• **Exercise objective**
In the records below, find the line containing "unnamed: D1.2 (A), R7.1" and restate it and all lines after it exactly, through the last line.

(Collected data entries)
++++++++
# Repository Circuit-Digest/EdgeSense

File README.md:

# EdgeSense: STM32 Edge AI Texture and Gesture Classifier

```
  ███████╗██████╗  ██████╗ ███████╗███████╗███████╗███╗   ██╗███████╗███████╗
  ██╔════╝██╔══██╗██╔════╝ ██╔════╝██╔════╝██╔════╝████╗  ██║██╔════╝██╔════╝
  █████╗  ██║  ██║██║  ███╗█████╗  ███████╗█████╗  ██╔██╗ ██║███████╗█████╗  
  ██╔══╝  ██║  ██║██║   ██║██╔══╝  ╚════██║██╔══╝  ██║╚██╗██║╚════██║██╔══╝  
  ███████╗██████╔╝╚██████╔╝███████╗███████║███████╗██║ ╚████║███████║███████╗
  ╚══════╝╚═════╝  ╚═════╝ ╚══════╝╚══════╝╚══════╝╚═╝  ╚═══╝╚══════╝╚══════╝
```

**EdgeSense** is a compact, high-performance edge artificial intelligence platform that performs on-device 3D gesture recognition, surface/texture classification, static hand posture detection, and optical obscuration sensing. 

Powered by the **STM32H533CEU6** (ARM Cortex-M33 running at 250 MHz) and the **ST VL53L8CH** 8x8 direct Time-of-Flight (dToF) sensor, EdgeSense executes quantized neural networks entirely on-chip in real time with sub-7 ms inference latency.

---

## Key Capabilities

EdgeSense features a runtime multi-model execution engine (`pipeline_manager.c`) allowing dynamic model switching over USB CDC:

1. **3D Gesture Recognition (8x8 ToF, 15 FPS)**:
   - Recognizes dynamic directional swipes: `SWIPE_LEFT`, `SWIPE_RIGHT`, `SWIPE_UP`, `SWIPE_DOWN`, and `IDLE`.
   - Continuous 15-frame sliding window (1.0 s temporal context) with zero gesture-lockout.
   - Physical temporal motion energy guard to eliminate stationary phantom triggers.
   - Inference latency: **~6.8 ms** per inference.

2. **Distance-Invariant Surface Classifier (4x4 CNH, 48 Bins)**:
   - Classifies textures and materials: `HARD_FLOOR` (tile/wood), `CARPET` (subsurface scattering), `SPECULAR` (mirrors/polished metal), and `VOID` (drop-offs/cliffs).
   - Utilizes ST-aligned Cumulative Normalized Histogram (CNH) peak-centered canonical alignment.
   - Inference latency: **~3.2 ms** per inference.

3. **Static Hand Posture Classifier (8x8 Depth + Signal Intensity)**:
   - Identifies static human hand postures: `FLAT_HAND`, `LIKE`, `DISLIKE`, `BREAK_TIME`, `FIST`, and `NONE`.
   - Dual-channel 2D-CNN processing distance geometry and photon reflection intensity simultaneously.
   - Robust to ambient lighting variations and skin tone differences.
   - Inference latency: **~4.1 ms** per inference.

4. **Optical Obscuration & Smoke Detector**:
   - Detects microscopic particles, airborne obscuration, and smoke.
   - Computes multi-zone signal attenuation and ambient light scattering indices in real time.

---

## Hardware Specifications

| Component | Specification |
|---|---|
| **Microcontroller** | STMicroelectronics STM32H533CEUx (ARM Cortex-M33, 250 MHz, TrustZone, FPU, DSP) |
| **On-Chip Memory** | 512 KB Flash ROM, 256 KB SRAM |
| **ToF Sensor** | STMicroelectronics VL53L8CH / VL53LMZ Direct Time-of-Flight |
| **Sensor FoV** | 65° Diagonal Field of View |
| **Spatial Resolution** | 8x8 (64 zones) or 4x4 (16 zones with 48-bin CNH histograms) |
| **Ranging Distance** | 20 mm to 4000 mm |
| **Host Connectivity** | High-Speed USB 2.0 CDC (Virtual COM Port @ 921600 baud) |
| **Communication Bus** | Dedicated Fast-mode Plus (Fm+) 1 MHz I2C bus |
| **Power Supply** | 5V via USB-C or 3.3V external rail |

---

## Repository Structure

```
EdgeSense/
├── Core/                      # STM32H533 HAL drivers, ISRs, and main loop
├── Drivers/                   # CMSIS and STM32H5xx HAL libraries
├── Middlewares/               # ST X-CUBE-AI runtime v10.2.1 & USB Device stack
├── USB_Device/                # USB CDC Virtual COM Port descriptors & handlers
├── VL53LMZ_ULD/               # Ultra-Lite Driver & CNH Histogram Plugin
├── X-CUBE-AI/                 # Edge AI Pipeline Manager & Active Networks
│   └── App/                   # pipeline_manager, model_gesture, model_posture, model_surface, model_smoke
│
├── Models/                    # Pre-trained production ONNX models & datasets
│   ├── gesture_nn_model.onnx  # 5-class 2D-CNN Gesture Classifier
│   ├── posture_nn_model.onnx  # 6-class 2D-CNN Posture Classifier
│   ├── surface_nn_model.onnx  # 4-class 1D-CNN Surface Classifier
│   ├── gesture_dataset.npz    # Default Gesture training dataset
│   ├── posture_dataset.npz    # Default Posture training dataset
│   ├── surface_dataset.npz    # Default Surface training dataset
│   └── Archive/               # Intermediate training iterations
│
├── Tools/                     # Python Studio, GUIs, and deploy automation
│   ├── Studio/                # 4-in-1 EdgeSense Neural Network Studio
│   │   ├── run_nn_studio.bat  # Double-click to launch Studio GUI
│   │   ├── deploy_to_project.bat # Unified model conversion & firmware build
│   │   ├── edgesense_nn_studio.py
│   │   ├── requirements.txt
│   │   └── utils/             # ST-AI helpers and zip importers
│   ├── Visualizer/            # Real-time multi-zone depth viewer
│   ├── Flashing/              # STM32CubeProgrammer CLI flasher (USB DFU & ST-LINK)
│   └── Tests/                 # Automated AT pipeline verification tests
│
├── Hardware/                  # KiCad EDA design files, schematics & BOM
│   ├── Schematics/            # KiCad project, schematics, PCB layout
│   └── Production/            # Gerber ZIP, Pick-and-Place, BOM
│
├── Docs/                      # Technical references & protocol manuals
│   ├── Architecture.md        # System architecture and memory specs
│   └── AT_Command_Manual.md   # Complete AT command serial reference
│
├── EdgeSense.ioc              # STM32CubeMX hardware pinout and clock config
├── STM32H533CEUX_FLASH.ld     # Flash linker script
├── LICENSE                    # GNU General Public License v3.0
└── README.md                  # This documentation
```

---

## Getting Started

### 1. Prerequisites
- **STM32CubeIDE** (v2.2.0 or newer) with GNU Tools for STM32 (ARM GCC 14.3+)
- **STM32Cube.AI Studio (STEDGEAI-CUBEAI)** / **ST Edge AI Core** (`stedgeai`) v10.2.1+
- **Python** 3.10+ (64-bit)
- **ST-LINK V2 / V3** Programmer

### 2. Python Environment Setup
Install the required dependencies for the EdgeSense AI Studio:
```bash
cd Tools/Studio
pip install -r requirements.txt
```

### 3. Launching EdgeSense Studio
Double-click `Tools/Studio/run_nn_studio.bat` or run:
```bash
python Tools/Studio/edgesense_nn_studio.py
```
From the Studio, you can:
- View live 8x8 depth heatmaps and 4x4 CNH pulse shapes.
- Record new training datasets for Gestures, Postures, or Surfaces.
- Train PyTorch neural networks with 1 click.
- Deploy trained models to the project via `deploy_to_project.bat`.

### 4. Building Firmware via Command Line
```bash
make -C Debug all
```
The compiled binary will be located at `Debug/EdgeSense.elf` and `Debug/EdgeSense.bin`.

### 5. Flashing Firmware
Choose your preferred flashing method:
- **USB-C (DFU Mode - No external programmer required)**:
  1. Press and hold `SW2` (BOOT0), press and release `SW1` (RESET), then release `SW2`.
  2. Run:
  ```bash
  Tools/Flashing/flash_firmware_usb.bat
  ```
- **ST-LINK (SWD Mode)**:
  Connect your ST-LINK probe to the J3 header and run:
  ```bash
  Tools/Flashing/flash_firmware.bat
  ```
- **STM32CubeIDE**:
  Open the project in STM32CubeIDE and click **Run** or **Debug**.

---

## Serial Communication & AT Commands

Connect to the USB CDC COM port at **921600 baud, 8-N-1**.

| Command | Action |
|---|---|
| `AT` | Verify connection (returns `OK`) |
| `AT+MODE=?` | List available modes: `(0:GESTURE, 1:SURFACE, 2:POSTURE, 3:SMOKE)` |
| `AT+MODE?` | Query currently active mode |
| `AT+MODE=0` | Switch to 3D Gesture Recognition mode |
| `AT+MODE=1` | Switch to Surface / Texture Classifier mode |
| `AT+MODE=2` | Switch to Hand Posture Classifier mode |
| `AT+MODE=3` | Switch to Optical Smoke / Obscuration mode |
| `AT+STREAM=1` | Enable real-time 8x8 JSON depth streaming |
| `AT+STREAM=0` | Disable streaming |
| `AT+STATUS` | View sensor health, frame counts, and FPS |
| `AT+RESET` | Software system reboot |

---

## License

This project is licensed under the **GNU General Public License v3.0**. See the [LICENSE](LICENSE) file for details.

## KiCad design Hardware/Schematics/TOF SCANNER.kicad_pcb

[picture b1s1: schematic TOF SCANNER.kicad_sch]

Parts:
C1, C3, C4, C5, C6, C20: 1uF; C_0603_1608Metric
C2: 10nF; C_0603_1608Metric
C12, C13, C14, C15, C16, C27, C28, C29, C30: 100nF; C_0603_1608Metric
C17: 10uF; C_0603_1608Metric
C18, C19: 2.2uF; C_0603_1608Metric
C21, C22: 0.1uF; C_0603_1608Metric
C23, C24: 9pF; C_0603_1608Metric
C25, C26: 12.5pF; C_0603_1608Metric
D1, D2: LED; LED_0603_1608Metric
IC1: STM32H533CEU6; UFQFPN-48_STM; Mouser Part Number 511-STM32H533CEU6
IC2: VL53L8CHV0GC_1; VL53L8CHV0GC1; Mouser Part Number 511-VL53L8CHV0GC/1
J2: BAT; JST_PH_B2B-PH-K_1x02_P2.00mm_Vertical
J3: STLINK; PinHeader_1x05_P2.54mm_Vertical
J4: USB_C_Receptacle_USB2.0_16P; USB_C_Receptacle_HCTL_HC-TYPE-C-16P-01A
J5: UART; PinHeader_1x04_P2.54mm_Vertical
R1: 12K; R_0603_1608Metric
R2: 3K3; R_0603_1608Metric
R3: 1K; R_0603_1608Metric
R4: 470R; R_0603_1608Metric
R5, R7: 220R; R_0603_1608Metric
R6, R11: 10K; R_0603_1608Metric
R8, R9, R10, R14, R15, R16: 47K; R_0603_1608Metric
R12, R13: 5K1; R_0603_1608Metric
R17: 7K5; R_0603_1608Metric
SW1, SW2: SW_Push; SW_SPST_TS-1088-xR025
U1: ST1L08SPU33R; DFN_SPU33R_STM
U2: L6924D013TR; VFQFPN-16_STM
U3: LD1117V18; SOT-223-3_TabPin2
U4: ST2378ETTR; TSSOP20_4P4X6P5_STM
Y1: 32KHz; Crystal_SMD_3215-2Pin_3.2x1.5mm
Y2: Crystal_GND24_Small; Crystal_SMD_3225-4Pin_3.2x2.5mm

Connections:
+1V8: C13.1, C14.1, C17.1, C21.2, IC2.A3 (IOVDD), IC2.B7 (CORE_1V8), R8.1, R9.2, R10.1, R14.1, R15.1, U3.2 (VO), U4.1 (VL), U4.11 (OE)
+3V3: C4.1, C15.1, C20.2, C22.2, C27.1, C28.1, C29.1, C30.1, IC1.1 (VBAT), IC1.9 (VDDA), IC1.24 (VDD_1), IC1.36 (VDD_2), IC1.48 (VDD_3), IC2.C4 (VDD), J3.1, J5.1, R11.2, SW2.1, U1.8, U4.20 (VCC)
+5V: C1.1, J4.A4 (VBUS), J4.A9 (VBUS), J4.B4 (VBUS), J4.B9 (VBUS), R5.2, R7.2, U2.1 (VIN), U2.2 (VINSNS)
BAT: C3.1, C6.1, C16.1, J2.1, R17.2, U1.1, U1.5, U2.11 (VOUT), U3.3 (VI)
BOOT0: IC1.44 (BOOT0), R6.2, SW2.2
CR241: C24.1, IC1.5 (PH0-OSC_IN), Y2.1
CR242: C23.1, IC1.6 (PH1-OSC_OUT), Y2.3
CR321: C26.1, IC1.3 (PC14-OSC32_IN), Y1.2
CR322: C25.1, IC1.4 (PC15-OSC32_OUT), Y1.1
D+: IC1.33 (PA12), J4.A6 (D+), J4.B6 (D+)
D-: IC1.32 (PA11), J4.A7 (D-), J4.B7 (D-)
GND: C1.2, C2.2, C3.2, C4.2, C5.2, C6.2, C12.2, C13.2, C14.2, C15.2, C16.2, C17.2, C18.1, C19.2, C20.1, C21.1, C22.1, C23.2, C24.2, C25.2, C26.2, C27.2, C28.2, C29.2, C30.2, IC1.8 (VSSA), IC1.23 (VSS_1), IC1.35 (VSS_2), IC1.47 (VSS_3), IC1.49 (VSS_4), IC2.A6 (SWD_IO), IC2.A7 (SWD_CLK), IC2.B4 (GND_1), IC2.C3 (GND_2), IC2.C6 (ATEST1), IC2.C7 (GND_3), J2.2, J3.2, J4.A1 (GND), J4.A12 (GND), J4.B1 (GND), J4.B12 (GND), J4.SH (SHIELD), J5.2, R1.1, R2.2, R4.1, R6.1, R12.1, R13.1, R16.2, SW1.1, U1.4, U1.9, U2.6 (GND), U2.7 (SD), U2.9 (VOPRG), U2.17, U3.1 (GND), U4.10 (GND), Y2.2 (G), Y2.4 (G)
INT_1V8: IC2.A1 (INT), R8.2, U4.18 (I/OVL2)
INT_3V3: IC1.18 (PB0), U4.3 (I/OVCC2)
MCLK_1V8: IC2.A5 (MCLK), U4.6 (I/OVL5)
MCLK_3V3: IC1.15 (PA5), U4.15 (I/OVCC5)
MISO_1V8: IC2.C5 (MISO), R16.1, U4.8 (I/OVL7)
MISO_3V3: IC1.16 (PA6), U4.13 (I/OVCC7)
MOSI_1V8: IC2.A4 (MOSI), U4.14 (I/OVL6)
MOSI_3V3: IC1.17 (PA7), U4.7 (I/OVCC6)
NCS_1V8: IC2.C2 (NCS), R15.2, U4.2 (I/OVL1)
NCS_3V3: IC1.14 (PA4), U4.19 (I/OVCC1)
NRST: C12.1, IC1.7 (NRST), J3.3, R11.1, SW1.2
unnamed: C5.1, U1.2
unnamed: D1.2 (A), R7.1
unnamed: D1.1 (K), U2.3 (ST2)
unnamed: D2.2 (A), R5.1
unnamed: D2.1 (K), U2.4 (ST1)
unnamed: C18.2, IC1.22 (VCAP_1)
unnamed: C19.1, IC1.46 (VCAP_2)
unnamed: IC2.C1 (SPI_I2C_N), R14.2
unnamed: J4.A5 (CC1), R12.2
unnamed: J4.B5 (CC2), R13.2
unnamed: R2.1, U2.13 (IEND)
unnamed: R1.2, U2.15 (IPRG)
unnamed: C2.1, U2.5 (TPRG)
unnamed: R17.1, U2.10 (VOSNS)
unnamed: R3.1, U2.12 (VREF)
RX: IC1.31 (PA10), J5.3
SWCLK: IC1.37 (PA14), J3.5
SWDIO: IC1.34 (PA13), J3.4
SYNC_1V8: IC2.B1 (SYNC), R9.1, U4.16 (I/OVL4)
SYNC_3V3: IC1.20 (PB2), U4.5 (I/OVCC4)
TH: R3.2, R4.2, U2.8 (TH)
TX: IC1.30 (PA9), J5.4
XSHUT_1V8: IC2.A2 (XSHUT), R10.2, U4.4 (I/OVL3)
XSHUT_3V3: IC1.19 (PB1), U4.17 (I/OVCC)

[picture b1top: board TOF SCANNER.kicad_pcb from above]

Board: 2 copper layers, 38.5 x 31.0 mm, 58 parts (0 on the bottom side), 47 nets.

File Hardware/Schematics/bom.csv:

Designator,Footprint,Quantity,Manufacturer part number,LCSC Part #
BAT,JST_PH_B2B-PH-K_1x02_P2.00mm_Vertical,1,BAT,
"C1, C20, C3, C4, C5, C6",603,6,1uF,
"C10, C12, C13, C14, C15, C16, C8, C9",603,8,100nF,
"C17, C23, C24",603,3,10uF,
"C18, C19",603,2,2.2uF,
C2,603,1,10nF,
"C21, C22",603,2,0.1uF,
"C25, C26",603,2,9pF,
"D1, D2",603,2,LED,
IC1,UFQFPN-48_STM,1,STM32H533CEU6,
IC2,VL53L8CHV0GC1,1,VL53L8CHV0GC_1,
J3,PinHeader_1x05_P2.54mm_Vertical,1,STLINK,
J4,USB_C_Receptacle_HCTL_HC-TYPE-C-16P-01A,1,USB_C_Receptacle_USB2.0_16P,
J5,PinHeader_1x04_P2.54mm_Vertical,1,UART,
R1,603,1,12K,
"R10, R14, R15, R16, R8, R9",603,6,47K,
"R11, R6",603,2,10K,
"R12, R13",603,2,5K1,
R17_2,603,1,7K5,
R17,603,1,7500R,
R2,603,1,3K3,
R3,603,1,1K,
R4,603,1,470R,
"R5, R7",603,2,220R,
++++++++
• **Exercise result**
unnamed: D1.2 (A), R7.1
unnamed: D1.1 (K), U2.3 (ST2)
unnamed: D2.2 (A), R5.1
unnamed: D2.1 (K), U2.4 (ST1)
unnamed: C18.2, IC1.22 (VCAP_1)
unnamed: C19.1, IC1.46 (VCAP_2)
unnamed: IC2.C1 (SPI_I2C_N), R14.2
unnamed: J4.A5 (CC1), R12.2
unnamed: J4.B5 (CC2), R13.2
unnamed: R2.1, U2.13 (IEND)
unnamed: R1.2, U2.15 (IPRG)
unnamed: C2.1, U2.5 (TPRG)
unnamed: R17.1, U2.10 (VOSNS)
unnamed: R3.1, U2.12 (VREF)
RX: IC1.31 (PA10), J5.3
SWCLK: IC1.37 (PA14), J3.5
SWDIO: IC1.34 (PA13), J3.4
SYNC_1V8: IC2.B1 (SYNC), R9.1, U4.16 (I/OVL4)
SYNC_3V3: IC1.20 (PB2), U4.5 (I/OVCC4)
TH: R3.2, R4.2, U2.8 (TH)
TX: IC1.30 (PA9), J5.4
XSHUT_1V8: IC2.A2 (XSHUT), R10.2, U4.4 (I/OVL3)
XSHUT_3V3: IC1.19 (PB1), U4.17 (I/OVCC)

[picture b1top: board TOF SCANNER.kicad_pcb from above]

Board: 2 copper layers, 38.5 x 31.0 mm, 58 parts (0 on the bottom side), 47 nets.

File Hardware/Schematics/bom.csv:

Designator,Footprint,Quantity,Manufacturer part number,LCSC Part #
BAT,JST_PH_B2B-PH-K_1x02_P2.00mm_Vertical,1,BAT,
"C1, C20, C3, C4, C5, C6",603,6,1uF,
"C10, C12, C13, C14, C15, C16, C8, C9",603,8,100nF,
"C17, C23, C24",603,3,10uF,
"C18, C19",603,2,2.2uF,
C2,603,1,10nF,
"C21, C22",603,2,0.1uF,
"C25, C26",603,2,9pF,
"D1, D2",603,2,LED,
IC1,UFQFPN-48_STM,1,STM32H533CEU6,
IC2,VL53L8CHV0GC1,1,VL53L8CHV0GC_1,
J3,PinHeader_1x05_P2.54mm_Vertical,1,STLINK,
J4,USB_C_Receptacle_HCTL_HC-TYPE-C-16P-01A,1,USB_C_Receptacle_USB2.0_16P,
J5,PinHeader_1x04_P2.54mm_Vertical,1,UART,
R1,603,1,12K,
"R10, R14, R15, R16, R8, R9",603,6,47K,
"R11, R6",603,2,10K,
"R12, R13",603,2,5K1,
R17_2,603,1,7K5,
R17,603,1,7500R,
R2,603,1,3K3,
R3,603,1,1K,
R4,603,1,470R,
"R5, R7",603,2,220R,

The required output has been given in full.